For ongoing operations, new data can be processed incrementally:

1. **New Player Data**: Run duplicate detection only on new records + existing cleaned data
2. **New Reports**: Apply existing ID mappings to new reports before insertion
3. **ID Mapping Updates**: Append new mappings to existing mapping table (never overwrite)

### 3.3 Rollback Strategy

Maintain ability to reverse changes:
- Keep original PlayerIDs in audit columns
- Store mapping history with timestamps
- Enable point-in-time recovery

**Example Audit Schema**:
```sql
ALTER TABLE Reports ADD COLUMN original_player_id VARCHAR(50);
ALTER TABLE Reports ADD COLUMN player_id_updated_at TIMESTAMP;
```


## Part 4: Best Practices and Lessons Learned

### 4.1 Key Design Decisions

1. **Canonical ID Selection**: We prioritize data completeness and CurrentTeam presence when selecting which PlayerID to keep. This ensures we retain the most valuable record.

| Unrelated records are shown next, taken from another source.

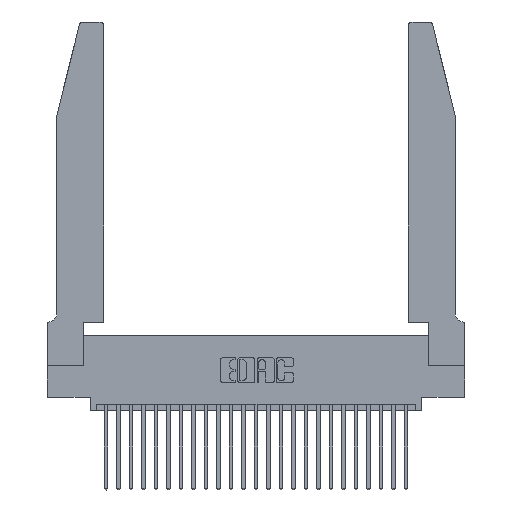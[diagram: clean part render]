
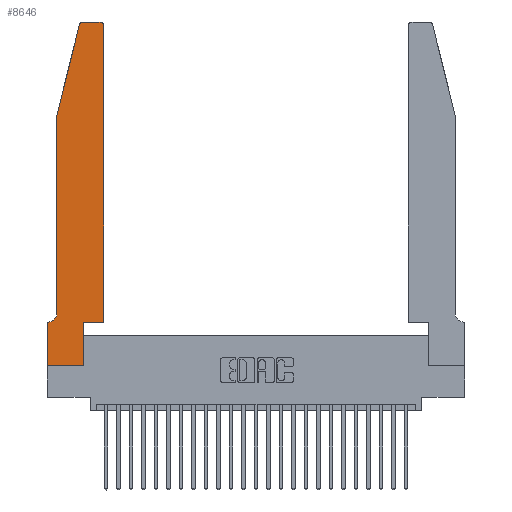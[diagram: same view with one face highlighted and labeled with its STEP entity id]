
A CAD part, top view. The second image highlights one B-rep face of the part: STEP entity #8646.
In plain terms, the highlighted planar face has unit normal (0, 0, 1).
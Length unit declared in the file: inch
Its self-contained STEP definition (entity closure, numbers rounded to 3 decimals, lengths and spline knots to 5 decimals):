
#460 = ORIENTED_EDGE ( 'NONE', *, *, #13783, .T. ) ;
#759 = DIRECTION ( 'NONE',  ( 1., 0., 0. ) ) ;
#935 = AXIS2_PLACEMENT_3D ( 'NONE', #21731, #13533, #1116 ) ;
#1116 = DIRECTION ( 'NONE',  ( 1., 0., 0. ) ) ;
#1893 = DIRECTION ( 'NONE',  ( 1., 0., 0. ) ) ;
#2276 = CARTESIAN_POINT ( 'NONE',  ( 0., 0., 0.37 ) ) ;
#2605 = DIRECTION ( 'NONE',  ( -1., 0., 0. ) ) ;
#2675 = CARTESIAN_POINT ( 'NONE',  ( 0.4505, 0.35, 0.37 ) ) ;
#3339 = CARTESIAN_POINT ( 'NONE',  ( 0.2865, 0.35, 0.37 ) ) ;
#4019 = EDGE_CURVE ( 'NONE', #10103, #19026, #10868, .T. ) ;
#5429 = CARTESIAN_POINT ( 'NONE',  ( 0.284, 2.75, 0.37 ) ) ;
#5611 = ORIENTED_EDGE ( 'NONE', *, *, #12498, .T. ) ;
#5828 = EDGE_LOOP ( 'NONE', ( #15679, #17596, #460, #11463, #6294, #21981, #7140, #22171, #5611, #14924, #10543, #22165 ) ) ;
#6126 = CARTESIAN_POINT ( 'NONE',  ( 0.2865, 0., 0.37 ) ) ;
#6294 = ORIENTED_EDGE ( 'NONE', *, *, #11741, .T. ) ;
#6520 = VERTEX_POINT ( 'NONE', #6126 ) ;
#6930 = DIRECTION ( 'NONE',  ( -0.239, -0.971, 0. ) ) ;
#7018 = VECTOR ( 'NONE', #13943, 39.37008 ) ;
#7140 = ORIENTED_EDGE ( 'NONE', *, *, #18227, .T. ) ;
#7452 = CARTESIAN_POINT ( 'NONE',  ( 0.2605, 2.75, 0.37 ) ) ;
#7602 = VECTOR ( 'NONE', #6930, 39.37008 ) ;
#7638 = VERTEX_POINT ( 'NONE', #11419 ) ;
#7842 = VECTOR ( 'NONE', #11496, 39.37008 ) ;
#7931 = CARTESIAN_POINT ( 'NONE',  ( 0.25487, 2.72718, 0.37 ) ) ;
#8354 = CARTESIAN_POINT ( 'NONE',  ( 0.0055, 0.42, 0.37 ) ) ;
#8527 = DIRECTION ( 'NONE',  ( 0., -1., 0. ) ) ;
#8646 = ADVANCED_FACE ( 'NONE', ( #10928 ), #11914, .T. ) ;
#8761 = DIRECTION ( 'NONE',  ( 1., 0., 0. ) ) ;
#8977 = EDGE_CURVE ( 'NONE', #19026, #18406, #18054, .T. ) ;
#9065 = CARTESIAN_POINT ( 'NONE',  ( 0.4505, 2.72, 0.37 ) ) ;
#9281 = LINE ( 'NONE', #21129, #21570 ) ;
#9342 = VERTEX_POINT ( 'NONE', #20608 ) ;
#9419 = EDGE_CURVE ( 'NONE', #25905, #21826, #23605, .T. ) ;
#9561 = EDGE_CURVE ( 'NONE', #9342, #25905, #9762, .T. ) ;
#9762 = LINE ( 'NONE', #7452, #7842 ) ;
#10103 = VERTEX_POINT ( 'NONE', #3339 ) ;
#10543 = ORIENTED_EDGE ( 'NONE', *, *, #8977, .T. ) ;
#10582 = AXIS2_PLACEMENT_3D ( 'NONE', #13835, #15910, #26382 ) ;
#10817 = VERTEX_POINT ( 'NONE', #11568 ) ;
#10868 = LINE ( 'NONE', #12390, #13795 ) ;
#10928 = FACE_OUTER_BOUND ( 'NONE', #5828, .T. ) ;
#11419 = CARTESIAN_POINT ( 'NONE',  ( 0., 0., 0.37 ) ) ;
#11463 = ORIENTED_EDGE ( 'NONE', *, *, #13659, .T. ) ;
#11496 = DIRECTION ( 'NONE',  ( -1., 0., 0. ) ) ;
#11568 = CARTESIAN_POINT ( 'NONE',  ( 0.0055, 0.35, 0.37 ) ) ;
#11741 = EDGE_CURVE ( 'NONE', #11786, #10817, #23545, .T. ) ;
#11786 = VERTEX_POINT ( 'NONE', #26754 ) ;
#11914 = PLANE ( 'NONE',  #10582 ) ;
#12390 = CARTESIAN_POINT ( 'NONE',  ( 0.4505, 0.35, 0.37 ) ) ;
#12498 = EDGE_CURVE ( 'NONE', #6520, #10103, #21557, .T. ) ;
#12843 = CARTESIAN_POINT ( 'NONE',  ( 0.0755, 0.35, 0.37 ) ) ;
#13157 = CARTESIAN_POINT ( 'NONE',  ( 0.0755, 2., 0.37 ) ) ;
#13165 = CARTESIAN_POINT ( 'NONE',  ( 0.284, 2.72, 0.37 ) ) ;
#13401 = LINE ( 'NONE', #13157, #7602 ) ;
#13533 = DIRECTION ( 'NONE',  ( 0., 0., 1. ) ) ;
#13659 = EDGE_CURVE ( 'NONE', #21444, #11786, #25701, .T. ) ;
#13678 = DIRECTION ( 'NONE',  ( 0., -1., 0. ) ) ;
#13783 = EDGE_CURVE ( 'NONE', #21826, #21444, #13401, .T. ) ;
#13795 = VECTOR ( 'NONE', #1893, 39.37008 ) ;
#13835 = CARTESIAN_POINT ( 'NONE',  ( 0., 0.35, 0.37 ) ) ;
#13943 = DIRECTION ( 'NONE',  ( 0., 1., 0. ) ) ;
#13960 = LINE ( 'NONE', #12843, #15592 ) ;
#14005 = CIRCLE ( 'NONE', #935, 0.03 ) ;
#14624 = EDGE_CURVE ( 'NONE', #18406, #9342, #14005, .T. ) ;
#14679 = DIRECTION ( 'NONE',  ( -1., 0., 0. ) ) ;
#14924 = ORIENTED_EDGE ( 'NONE', *, *, #4019, .T. ) ;
#15103 = AXIS2_PLACEMENT_3D ( 'NONE', #13165, #15177, #759 ) ;
#15177 = DIRECTION ( 'NONE',  ( 0., 0., 1. ) ) ;
#15401 = CARTESIAN_POINT ( 'NONE',  ( 0.0755, 2., 0.37 ) ) ;
#15573 = EDGE_CURVE ( 'NONE', #10817, #21809, #13960, .T. ) ;
#15592 = VECTOR ( 'NONE', #2605, 39.37008 ) ;
#15679 = ORIENTED_EDGE ( 'NONE', *, *, #9561, .T. ) ;
#15898 = DIRECTION ( 'NONE',  ( 0., 1., 0. ) ) ;
#15910 = DIRECTION ( 'NONE',  ( 0., 0., 1. ) ) ;
#16666 = VECTOR ( 'NONE', #8527, 39.37008 ) ;
#17066 = EDGE_CURVE ( 'NONE', #7638, #6520, #9281, .T. ) ;
#17288 = VECTOR ( 'NONE', #13678, 39.37008 ) ;
#17394 = VECTOR ( 'NONE', #15898, 39.37008 ) ;
#17596 = ORIENTED_EDGE ( 'NONE', *, *, #9419, .T. ) ;
#18054 = LINE ( 'NONE', #2675, #17394 ) ;
#18227 = EDGE_CURVE ( 'NONE', #21809, #7638, #25729, .T. ) ;
#18406 = VERTEX_POINT ( 'NONE', #9065 ) ;
#19026 = VERTEX_POINT ( 'NONE', #26476 ) ;
#20382 = CARTESIAN_POINT ( 'NONE',  ( 0., 0.35, 0.37 ) ) ;
#20608 = CARTESIAN_POINT ( 'NONE',  ( 0.4205, 2.75, 0.37 ) ) ;
#21129 = CARTESIAN_POINT ( 'NONE',  ( 0., 0., 0.37 ) ) ;
#21444 = VERTEX_POINT ( 'NONE', #25374 ) ;
#21557 = LINE ( 'NONE', #22064, #7018 ) ;
#21570 = VECTOR ( 'NONE', #8761, 39.37008 ) ;
#21731 = CARTESIAN_POINT ( 'NONE',  ( 0.4205, 2.72, 0.37 ) ) ;
#21809 = VERTEX_POINT ( 'NONE', #20382 ) ;
#21826 = VERTEX_POINT ( 'NONE', #7931 ) ;
#21981 = ORIENTED_EDGE ( 'NONE', *, *, #15573, .T. ) ;
#22064 = CARTESIAN_POINT ( 'NONE',  ( 0.2865, 0.35, 0.37 ) ) ;
#22165 = ORIENTED_EDGE ( 'NONE', *, *, #14624, .T. ) ;
#22171 = ORIENTED_EDGE ( 'NONE', *, *, #17066, .T. ) ;
#22885 = DIRECTION ( 'NONE',  ( 0., 0., -1. ) ) ;
#23545 = CIRCLE ( 'NONE', #24473, 0.07 ) ;
#23605 = CIRCLE ( 'NONE', #15103, 0.03 ) ;
#24473 = AXIS2_PLACEMENT_3D ( 'NONE', #8354, #22885, #14679 ) ;
#25374 = CARTESIAN_POINT ( 'NONE',  ( 0.0755, 2., 0.37 ) ) ;
#25701 = LINE ( 'NONE', #15401, #17288 ) ;
#25729 = LINE ( 'NONE', #2276, #16666 ) ;
#25905 = VERTEX_POINT ( 'NONE', #5429 ) ;
#26382 = DIRECTION ( 'NONE',  ( 1., 0., 0. ) ) ;
#26476 = CARTESIAN_POINT ( 'NONE',  ( 0.4505, 0.35, 0.37 ) ) ;
#26754 = CARTESIAN_POINT ( 'NONE',  ( 0.0755, 0.42, 0.37 ) ) ;

2. **Orphaned Record Handling**: Rather than deleting orphaned records, we create minimal player records from Reporting data. This preserves data lineage and auditability.

3. **Mapping Persistence**: JSON format allows easy version control, human readability, and cross-platform compatibility.

### 4.2 Performance Considerations

- **Lookup Efficiency**: Dictionary/hash map provides O(1) lookup time for ID mappings
- **Batch Processing**: Apply mappings to entire DataFrames rather than row-by-row
- **Caching**: ID mapping loaded once and reused across all child tables

### 4.3 Risk Mitigation

- **Validation Gates**: Multiple checkpoints prevent bad data from propagating
- **Audit Logging**: Complete trail of all changes for compliance and debugging
- **Testing**: Unit tests for mapping logic, integration tests for full pipeline

## Conclusion

Our implementation demonstrates a production-ready approach to handling PlayerID updates that:

✅ **Identifies Affected Tables**: Through foreign key analysis and data profiling  
✅ **Maintains Relationships**: Via validation, transaction atomicity, and integrity checks  
✅ **Ensures Repeatability**: Through automated ETL pipelines, versioned mappings, and comprehensive logging  

This architecture scales from CSV-based analytics to enterprise database systems while maintaining data quality and auditability.